いつも皆で食事している部屋で俺一人ってのは、なかなか心が冷える。
でもね、机の上に手紙が置いてあった。
『部屋で待っています』
つまり、もう誰かがスタンバっているという事だ。
次は誰だ……?
リリルと初めてして慣れただろうと思ったんだが、やっぱりまだ緊張はするようだった。
心臓はバクバクしているし、素敵な夜を想像してしまって胸もアレも期待に膨らんでいる。
期待しすぎているせいか、食事の味がよくわからなかった。
多分美味しかったんだろうけど、味を楽しんでいる余裕はなかったなぁ。
リリルとした時は、本能に任せてしてしまったからなぁ。少し落ち着いて致そうとは思う。
……出来るかな?
さて、食事も済んだし、行きますか。
俺は部屋に向かうが、何だか足がとても速く動く。
いつも以上にきびきび動いている感じだ。
そんなに俺は、致すのが楽しみで仕方無いのかよ!
早歩きをしたせいで、いつもより早く部屋に着いた。ああ、めっちゃくちゃ心臓の鼓動が早くなっていて苦しい。
……動悸かな? いやいや、そんな歳ではないぞ。
わかってる、期待し過ぎて鼓動が早くなっているんだ。
俺は自室の扉の前で深呼吸をする。
だめだ、深呼吸しても落ち着かねぇ!
ドアノブに手をかけようとしている俺の手が、まるでアルコール中毒者の手みたいに震えている!

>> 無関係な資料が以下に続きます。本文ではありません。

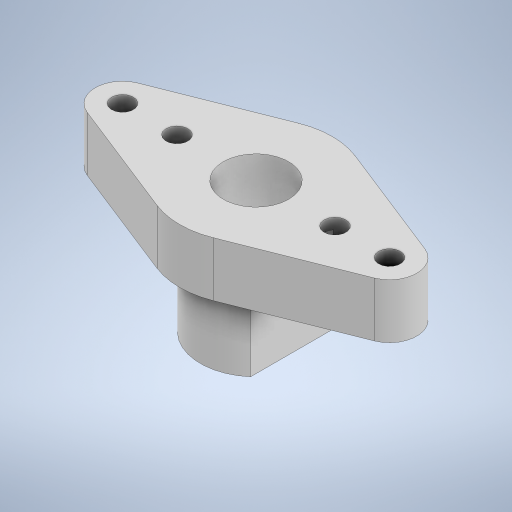
# Autodesk Inventor part: stick
Saved by Autodesk Inventor 2023 (Build 270158000, 158)
## iProperties
Created: 2023-01-25
Part Number: stick
Material: 一般
Document SubType Name: Modeling
Designer: taka2
Density: 1 g/cm^3
Appearance: 既定
Author: taka2
Autodesk Inventor part; units mm, degrees
ref_plane "YZ Plane" through (0, 0, 0) normal (1, 0, 0) x (0, 1, 0)
ref_plane "XZ Plane" through (0, 0, 0) normal (0, 1, 0) x (-1, 0, 0)
ref_plane "XY Plane" through (0, 0, 0) normal (0, 0, 1) x (1, 0, 0)
sketch "スケッチ1" plane through (0, 0, 0) normal (0, 1, 0) x (-1, 0, 0)
  arc A0 (-1.75, -3.0311) -> (-1.75, 3.0311) centre (0, 0) ccw
  arc A1 (-3.35, -3.8455) -> (-3.35, 3.8455) centre (0, 0) ccw
  line L0 (-1.75, 3.0311) -> (-1.75, -3.0311)
  line L1 (-3.35, 3.8455) -> (-3.35, -3.8455)
  point P0 (-1.75, 0)
  point P1 (3.5, 0)
  dimension "d0" = 7
  dimension "d1" = 1.6
  dimension "d3" = 1.6
  dimension "d21" = 5.25
  constraints: 5 point on circle, 4 end point, 2 centre point, 2 coincident, 2 vertical, 1 midpoint
  measures "d0" diameter of A0
  measures "d1" radial gap between concentric circles of A1 A0
  measures "d3" distance between parallel lines of L1 L0
  measures "d21" distance of point (-1.75, 0) point (3.5, 0)
extrude "押し出し1" add sketch "スケッチ1" against normal blind 7
sketch "スケッチ2" plane through (0, 0, 0) normal (0, 1, 0) x (-1, 0, 0)
  circle A0 centre (0, 0) radius 3
  circle A1 centre (7.25, 0) radius 1
  circle A2 centre (12.25, 0) radius 1
  line L0 (21.35, 0) -> (-16.3472, 0)
  line L1 (-21.4194, 0) -> (25.6478, 0)
  line L2 (0, 13.6596) -> (0, -18.5916)
  circle A3 centre (-7.25, 0) radius 1
  circle A4 centre (-12.25, 0) radius 1
  arc A5 (13.1684, -2.3252) -> (13.1684, 2.3252) centre (12.25, 0) ccw
  line L3 (13.1684, 2.3252) -> (2.5714, 6.5106)
  line L4 (13.1684, -2.3252) -> (2.5714, -6.5106)
  arc A6 (-13.1684, 2.3252) -> (-13.1684, -2.3252) centre (-12.25, 0) ccw
  line L5 (-13.1684, 2.3252) -> (-2.5714, 6.5106)
  line L6 (-13.1684, -2.3252) -> (-2.5714, -6.5106)
  arc A7 (-2.5714, -6.5106) -> (2.5714, -6.5106) centre (0, 0) ccw
  arc A8 (2.5714, 6.5106) -> (-2.5714, 6.5106) centre (0, 0) ccw
  circle A9 centre (0, 0) radius 5.5
  circle A10 centre (0, 0) radius 6.5
  dimension "d6" = 6
  dimension "d7" = 7.25
  dimension "d8" = 5
  dimension "d9" = 2
  dimension "d11" = 5
  dimension "d12" = 7
  dimension "d17" = 11
  dimension "d18" = 13
  constraints: 14 end point, 11 centre point, 9 symmetric about line, 8 point on circle, 6 point on line, 5 coincident, 2 horizontal, 2 tangent, 1 equal radius, 1 vertical, 3 other
  measures "d6" diameter of A0
  measures "d7" distance of A1.centre point (0, 0)
  measures "d8" distance of A1.centre A2.centre
  measures "d9" diameter of A1
  measures "d11" diameter of A5
  measures "d12" radius of A7
  measures "d17" diameter of A9
  measures "d18" diameter of A10
extrude "押し出し2" add sketch "スケッチ2" along normal blind 1 contours L0 A9 L2 A0 | A0 L2 A9 L0 | A0 L0 A9 L2 | L2 A9 L0 A0 | A9 L2 A10 A1 L0 | L0 A1 A10 L2 A9 | A9 L0 A3 A10 L2 | L2 A10 A3 L0 A9 | L0 A10 A1 | A1 A10 L0 | A10 A3 L0 A4 A6 L5 A8 L2 | L2 A8 L3 A5 L0 A2 A1 A10 | A10 A1 L0 A2 A5 L4 A7 L2 | L2 A7 L6 A6 L0 A4 A3 A10 | A1 L0 A10 | A10 L0 A1 | A3 A10 L0 | L0 A10 A3 | A10 L0 A3 | A3 L0 A10 | L0 A2 | A2 L0 | A4 L0 | L0 A4
extrude "押し出し3" add sketch "スケッチ2" along normal blind 5 contours L0 A9 L2 A0 | A0 L2 A9 L0 | A0 L0 A9 L2 | L2 A9 L0 A0 | A9 L2 A10 A1 L0 | L0 A1 A10 L2 A9 | A9 L0 A3 A10 L2 | L2 A10 A3 L0 A9 | A10 A3 L0 A4 A6 L5 A8 L2 | L2 A8 L3 A5 L0 A2 A1 A10 | A10 A1 L0 A2 A5 L4 A7 L2 | L2 A7 L6 A6 L0 A4 A3 A10
extrude "押し出し4" cut sketch "スケッチ2" along normal blind 4 contours A9 L2 A10 A1 L0 | L0 A1 A10 L2 A9 | A9 L0 A3 A10 L2 | L2 A10 A3 L0 A9 | L0 A10 A1 | A1 A10 L0 | A3 A10 L0 | L0 A10 A3 picked at (6.3418, -0.0745) picked at (6.3418, 0.0745) picked at (-6.3418, -0.0745) picked at (-6.3418, 0.0745)

(落ち着け、落ち着けよ、ハル・ウィード!! もう俺は童貞じゃねぇ! 俺はもう一皮剥けた大人なんだ!!)
自分の心に対して言い聞かせる俺。
そうだ、俺は童貞じゃねぇ!!
大丈夫大丈夫、次も上手くやれる!
俺はヤれば出来る男なんだ!!
「……よし、いくぞ!」
ドアノブを捻り、自室の扉を開けた。
すると、そこにいたのは天使だった。
「――ハル様」
「…………」
声が、出なかった。
窓から見える月を背後にして立つアーリア。
月明かりがアーリアの糸のように細くて綺麗な髪を照らし、幻想的な輝きを放っている。
サングラスを外した彼女の瞳は、月明かりで影になっているが、特徴的な見る角度によって色が変わる虹色の目が一際目立つ。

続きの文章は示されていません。